Some Hamilton workplaces are shutting down to stop COVID-19 outbreaks from spreading

At least three workplaces with outbreaks in Hamilton and the surrounding area are winding down or halting operations because of COVID-19 outbreaks.

Aryzta/Oakrun Farm Bakery has partly closed while National Steel Car and Toyotetsu closed completely

Workplaces in Hamilton are winding down operations because of COVID-19 outbreaks. (Bobby Hristova/CBC)

At least three workplaces with outbreaks in Hamilton and the surrounding area are winding down or halting operations because of COVID-19 outbreaks.

The efforts to try and prevent more infections comes as the province recently announced a paid sick day plan and as variants of concern continue to spread in the city during the third wave.

Here are some of the largest and most significant outbreaks in Hamilton and the surrounding area.

Hamilton Bakery, National Steel Car shutter operations

Aryzta/Oakrun Farm Bakery on 1770 Fiddlers Green Rd. has shut down five production lines for 10 days after Hamilton public health recommended the measure to "get this outbreak under control."

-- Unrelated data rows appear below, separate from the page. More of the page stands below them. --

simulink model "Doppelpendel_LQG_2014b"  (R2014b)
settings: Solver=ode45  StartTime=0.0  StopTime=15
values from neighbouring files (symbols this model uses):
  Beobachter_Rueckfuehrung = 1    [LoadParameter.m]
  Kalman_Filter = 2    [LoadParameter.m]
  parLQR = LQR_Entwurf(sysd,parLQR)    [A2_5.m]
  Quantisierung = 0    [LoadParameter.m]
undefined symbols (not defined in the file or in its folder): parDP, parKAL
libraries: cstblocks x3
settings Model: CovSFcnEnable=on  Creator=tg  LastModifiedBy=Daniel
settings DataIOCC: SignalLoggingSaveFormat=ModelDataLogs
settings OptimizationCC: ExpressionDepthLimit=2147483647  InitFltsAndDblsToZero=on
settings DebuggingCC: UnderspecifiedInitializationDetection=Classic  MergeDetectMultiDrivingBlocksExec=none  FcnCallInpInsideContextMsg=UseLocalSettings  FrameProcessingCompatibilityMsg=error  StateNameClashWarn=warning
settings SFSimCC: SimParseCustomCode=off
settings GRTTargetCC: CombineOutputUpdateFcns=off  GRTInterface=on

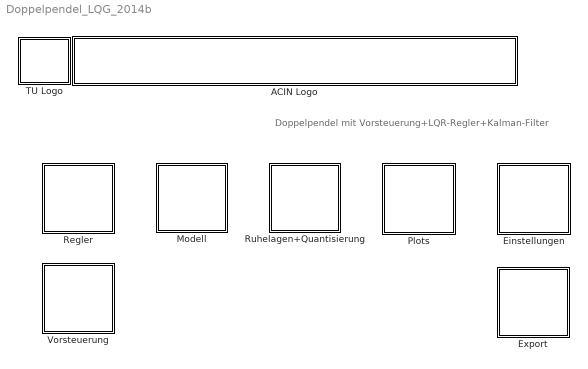
== system Doppelpendel_LQG_2014b ==
  note: Doppelpendel mit Vorsteuerung+LQR-Regler+Kalman-Filter
  ACIN Logo : Subsystem
      mask init:
      | s = get_param(gcb,'UserData');
      mask Display:
      | image(s.logo,[0 0 439 45]);
      | %axis image
  Einstellungen : Subsystem
  Export : Subsystem
  Modell : Subsystem
  Plots : Subsystem
  Regler : Subsystem
  Ruhelagen+Quantisierung : Subsystem
  TU Logo : Subsystem
      mask init:
      | s = get_param(gcb,'UserData');
      mask Display: image(s.logo,[0 0 45 45]);
  Vorsteuerung : Subsystem

== system Doppelpendel_LQG_2014b/ACIN Logo ==

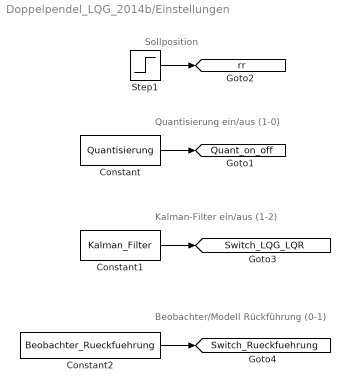
== system Doppelpendel_LQG_2014b/Einstellungen ==
  note: Sollposition
  note: Quantisierung ein/aus (1-0)
  note: Kalman-Filter ein/aus (1-2)
  note: Beobachter/Modell Rückführung (0-1)
  Constant : Constant  Value=Quantisierung
  Constant1 : Constant  Value=Kalman_Filter
  Constant2 : Constant  Value=Beobachter_Rueckfuehrung
  Step1 : Step  After=0.1  SampleTime=parLQR.Ta
  tag scope: Quant_on_off=global, Switch_LQG_LQR=global, Switch_Rueckfuehrung=global, rr=global
  wires:
  Step1/1 -> [rr]
  Constant/1 -> [Quant_on_off]
  Constant1/1 -> [Switch_LQG_LQR]
  Constant2/1 -> [Switch_Rueckfuehrung]

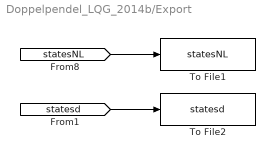
== system Doppelpendel_LQG_2014b/Export ==
  To File1 : ToFile  Filename=statesNL  MatrixName=data  SampleTime=parDP.Ta
  To File2 : ToFile  Filename=statesd  MatrixName=data  SampleTime=parDP.Ta
  wires:
  [statesNL] -> To File1/1
  [statesd] -> To File2/1

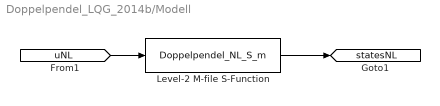
== system Doppelpendel_LQG_2014b/Modell ==
  Level-2 M-file S-Function : M-S-Function  FunctionName=Doppelpendel_NL_S_m  Parameters=parDP.phi10,parDP.omega10,parDP.phi20,parDP.omega20,parDP.s0,parDP.w0,parDP.l1,parDP.l2,parDP.a1,parDP.a2,parDP.m1,parDP.m2,parDP.J1,parDP.J2,parDP.d1,parDP.d2
  tag scope: statesNL=global
  wires:
  [uNL] -> Level-2 M-file S-Function/1
  Level-2 M-file S-Function/1 -> [statesNL]

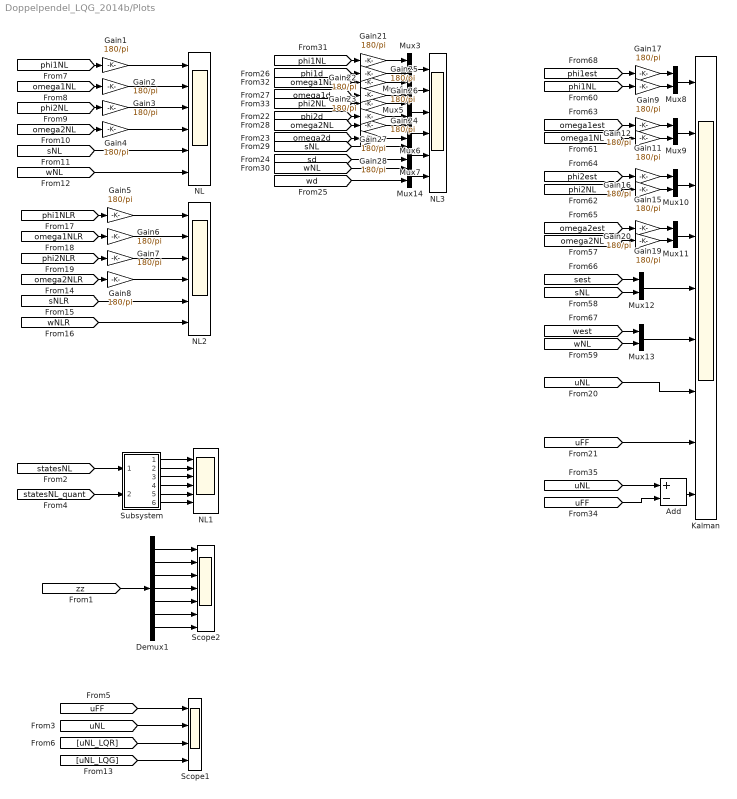
== system Doppelpendel_LQG_2014b/Plots ==
  Add : Sum  Inputs=+-
  Demux1 : Demux  Outputs=7
  Gain{1..9,11..12,15..17,19..28} (24 alike) : Gain  Gain=180/pi
  Kalman : Scope  NumInputPorts=9
      settings: TimeRange=auto  ShowLegends=on  MaxDataPoints=5000  SaveToWorkspace=off  SaveName=ScopeData6  YMin=176.91117~-10.79662~175.59226~-16.92479~-0.25002~-0.32868~-0.36253~-0.36233~-0.00149  YMax=183.0881~10.79663~184.40772~16.91023~0.25002~0.32868~0.36251~0.36233~0.0017  SampleTime=-1
  Mux{3..14} (12 alike) : Mux  Inputs=2
  NL{,1..3} (4 alike) : Scope  NumInputPorts=6
      NL settings: TimeRange=auto  MaxDataPoints=5000  SaveToWorkspace=off  SaveName=ScopeData2  YMin=175.44386~-8.63425~173.59154~-18.09348~-0.06241~-0.43407  YMax=186.73106~14.24878~186.84811~25.58372~0.56166~0.4085  SampleTime=-1
      NL1 settings: TimeRange=auto  MaxDataPoints=5000  SaveToWorkspace=off  YMin=-11.8659~-38.36034~-9.4516~-29.42~-0.73232~-1.57518  YMax=12.13115~31.29264~9.4588~20.36561~0.69417~0.92013  SampleTime=-1
      NL2 settings: TimeRange=auto  MaxDataPoints=5000  SaveToWorkspace=off  SaveName=ScopeData5  YMin=-11.8659~-37.01583~-9.4516~-28.16862~-0.73232~-1.55181  YMax=12.13115~30.14181~9.4588~19.57762~0.69415~0.90614  SampleTime=-1
      NL3 settings: TimeRange=6  MaxDataPoints=5000  SaveToWorkspace=off  SaveName=ScopeData8  YMin=-118.87207~-1672.77009~-161.23535~-3140.598~-141642.31686~-3281468.1161  YMax=19.55566~682.35836~19.81934~939.36059~15738.03521~364607.56846  SampleTime=-1
  Scope1 : Scope  NumInputPorts=4
      settings: TimeRange=6  MaxDataPoints=5000  SaveToWorkspace=off  SaveName=ScopeData4  YMin=-0.36233~-0.36253~-1.00000~-1.00000  YMax=0.36233~0.36251~1.00000~1.00000  SampleTime=-1
  Scope2 : Scope  NumInputPorts=7
      settings: TimeRange=6  MaxDataPoints=5000  SaveToWorkspace=off  SaveName=ScopeData9  YMin=-0.00026~-0.00051~-0.00077~-0.00273~-0.00865~-0.03633~-0.14821  YMax=0.00026~0.00051~0.00077~0.00273~0.00865~0.03633~0.14821  SampleTime=-1
  Subsystem : Subsystem
  wires:
  [omega1NL] -> Gain2/1
  [omega2NL] -> Gain4/1
  [sNL] -> NL/5
  [wNL] -> NL/6
  Gain1/1 -> NL/1
  Gain2/1 -> NL/2
  Gain3/1 -> NL/3
  Gain4/1 -> NL/4
  [phi1NL] -> Gain1/1
  [phi2NL] -> Gain3/1
  [statesNL] -> Subsystem/1(In1)
  [statesNL_quant] -> Subsystem/2(In2)
  Subsystem/1(Out1) -> NL1/1
  Subsystem/2(Out2) -> NL1/2
  Subsystem/3(Out3) -> NL1/3
  Subsystem/4(Out4) -> NL1/4
  Subsystem/5(Out5) -> NL1/5
  Subsystem/6(Out6) -> NL1/6
  [omega1NL] -> Gain22/1
  [omega2NL] -> Gain24/1
  [phi1NL] -> Gain21/1
  [phi2NL] -> Gain23/1
  Mux3/1 -> NL3/1
  Mux4/1 -> NL3/2
  Mux5/1 -> NL3/3
  Mux6/1 -> NL3/4
  Mux7/1 -> NL3/5
  Mux14/1 -> NL3/6
  Gain21/1 -> Mux3/1
  Gain22/1 -> Mux4/1
  Gain23/1 -> Mux5/1
  Gain24/1 -> Mux6/1
  [sNL] -> Mux7/1
  [wNL] -> Mux14/1
  [phi1d] -> Gain25/1
  [omega1d] -> Gain26/1
  [phi2d] -> Gain27/1
  [omega2d] -> Gain28/1
  Gain25/1 -> Mux3/2
  Gain26/1 -> Mux4/2
  Gain27/1 -> Mux5/2
  Gain28/1 -> Mux6/2
  [sd] -> Mux7/2
  [wd] -> Mux14/2
  Demux1/1 -> Scope2/1
  Demux1/2 -> Scope2/2
  Demux1/3 -> Scope2/3
  Demux1/4 -> Scope2/4
  Demux1/5 -> Scope2/5
  Demux1/6 -> Scope2/6
  Demux1/7 -> Scope2/7
  [zz] -> Demux1/1
  Mux13/1 -> Kalman/6
  Mux12/1 -> Kalman/5
  Mux11/1 -> Kalman/4
  [omega1NL] -> Gain12/1
  [omega2NL] -> Gain20/1
  [phi1NL] -> Gain9/1
  [phi2NL] -> Gain16/1
  [sest] -> Mux12/1
  [west] -> Mux13/1
  [sNL] -> Mux12/2
  [wNL] -> Mux13/2
  Gain9/1 -> Mux8/2
  Gain17/1 -> Mux8/1
  [phi1est] -> Gain17/1
  Mux8/1 -> Kalman/1
  Gain12/1 -> Mux9/2
  Gain11/1 -> Mux9/1
  Mux9/1 -> Kalman/2
  [omega1est] -> Gain11/1
  Gain16/1 -> Mux10/2
  Gain15/1 -> Mux10/1
  [phi2est] -> Gain15/1
  Mux10/1 -> Kalman/3
  Gain20/1 -> Mux11/2
  Gain19/1 -> Mux11/1
  [omega2est] -> Gain19/1
  [uFF] -> Scope1/1
  [uNL] -> Scope1/2
  [uNL_LQR] -> Scope1/3
  [uNL_LQG] -> Scope1/4
  [omega1NLR] -> Gain6/1
  [omega2NLR] -> Gain8/1
  [sNLR] -> NL2/5
  [wNLR] -> NL2/6
  Gain5/1 -> NL2/1
  Gain6/1 -> NL2/2
  Gain7/1 -> NL2/3
  Gain8/1 -> NL2/4
  [phi1NLR] -> Gain5/1
  [phi2NLR] -> Gain7/1
  [uNL] -> Kalman/7
  [uFF] -> Kalman/8
  Add/1 -> Kalman/9
  [uNL] -> Add/1
  [uFF] -> Add/2

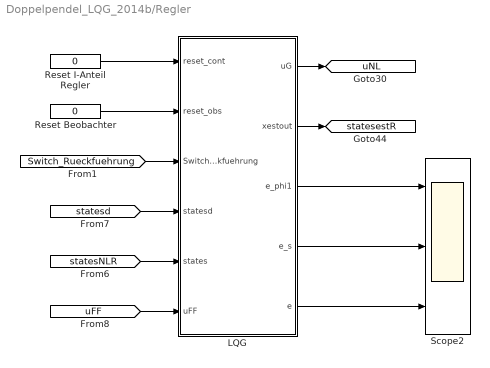
== system Doppelpendel_LQG_2014b/Regler ==
  LQG : MATLAB Function  TreatAsAtomicUnit=on
      settings: PermitHierarchicalResolution=ParametersOnly
  Reset Beobachter : Constant  Value=0
  Reset I-Anteil Regler : Constant  Value=0
  Scope2 : Scope  NumInputPorts=3
      settings: TimeRange=auto  MaxDataPoints=5000  SaveToWorkspace=off  SaveName=ScopeData  YMin=-0.00033~-0.00072~-30.14504  YMax=0.00036~0.00074~27.50332  SampleTime=-1
  tag scope: statesestR=global, uNL=global
  wires:
  LQG/3(e_phi1) -> Scope2/1
  LQG/4(e_s) -> Scope2/2
  LQG/5(e) -> Scope2/3
  [statesNLR] -> LQG/5(states)
  LQG/2(xestout) -> [statesestR]
  [statesd] -> LQG/4(statesd)
  [uFF] -> LQG/6(uFF)
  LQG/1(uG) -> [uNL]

"Currently there are 37 cases in multiple areas of the facility, mainly associated with the affected distribution lines that have been closed," read a statement from public health spokesperson James Berry.

Kathy Lenkov, a spokesperson with the bakery, said the production lines are spread out across the three buildings on the site. The outbreak screened positive for the B117 variant first seen in the U.K.

Lenkov also said workers who are affected by the closures will be paid while they're off work.

This comes after National Steel Car recently decided to shut down for two weeks because of cases in "multiple areas of the facility, which is indicative of a facility-wide outbreak."

The outbreak has infected 28 people and also screened positive for the B117 variant.

1,200 Toyotetsu staff out of work after temporary closure

Toyotetsu, an auto parts plant in Simcoe, has temporarily closed down, leaving some 1,200 employees out of work.

It had eight staff test positive over the past few weeks, many of which weren't on-site, according to a statement on Facebook.

"We recognize the disruption that this has caused for many of you, and we are working closely with the Haldimand-Norfolk Health Unit regarding the safe re-starting of our operations," said human resources manager Brad G. Krampp.

"As we continue to follow their guidance, a return-to-work date will be determined with your health and the health of your families as our primary consideration."

But the company said it would continue paying staff through the end of the week and they'll receive that pay next Friday.

47 infections at Fearman's pork plant as of Monday

The union representing staff at Fearman's pork plant say 47 people had COVID-19 as of Monday.

Tim Deelstra, UFCW 175 and 633 spokesperson, said the outbreak started on April 18 most of those cases were in one department and he doesn't know of anyone that was hospitalized "to the best of our information right now."

He said there's an "overwhelmingly a large sense of concern" from workers. And he said Fearman's could have done a better job sharing information about the outbreak.

This sign warns visitors at Hamilton City Hall not to enter if they have symptoms of COVID-19. (Dan Taekema/CBC)

"We're continuing to have those conversations with the employer about that," Deelstra said.

"There's just overwhelmingly a large sense of concern."

He added Halton public health is going to do testing at the site and host a vaccine clinic there.

"We want to see that happen for all essential workers across the province ASAP," Deelstra said.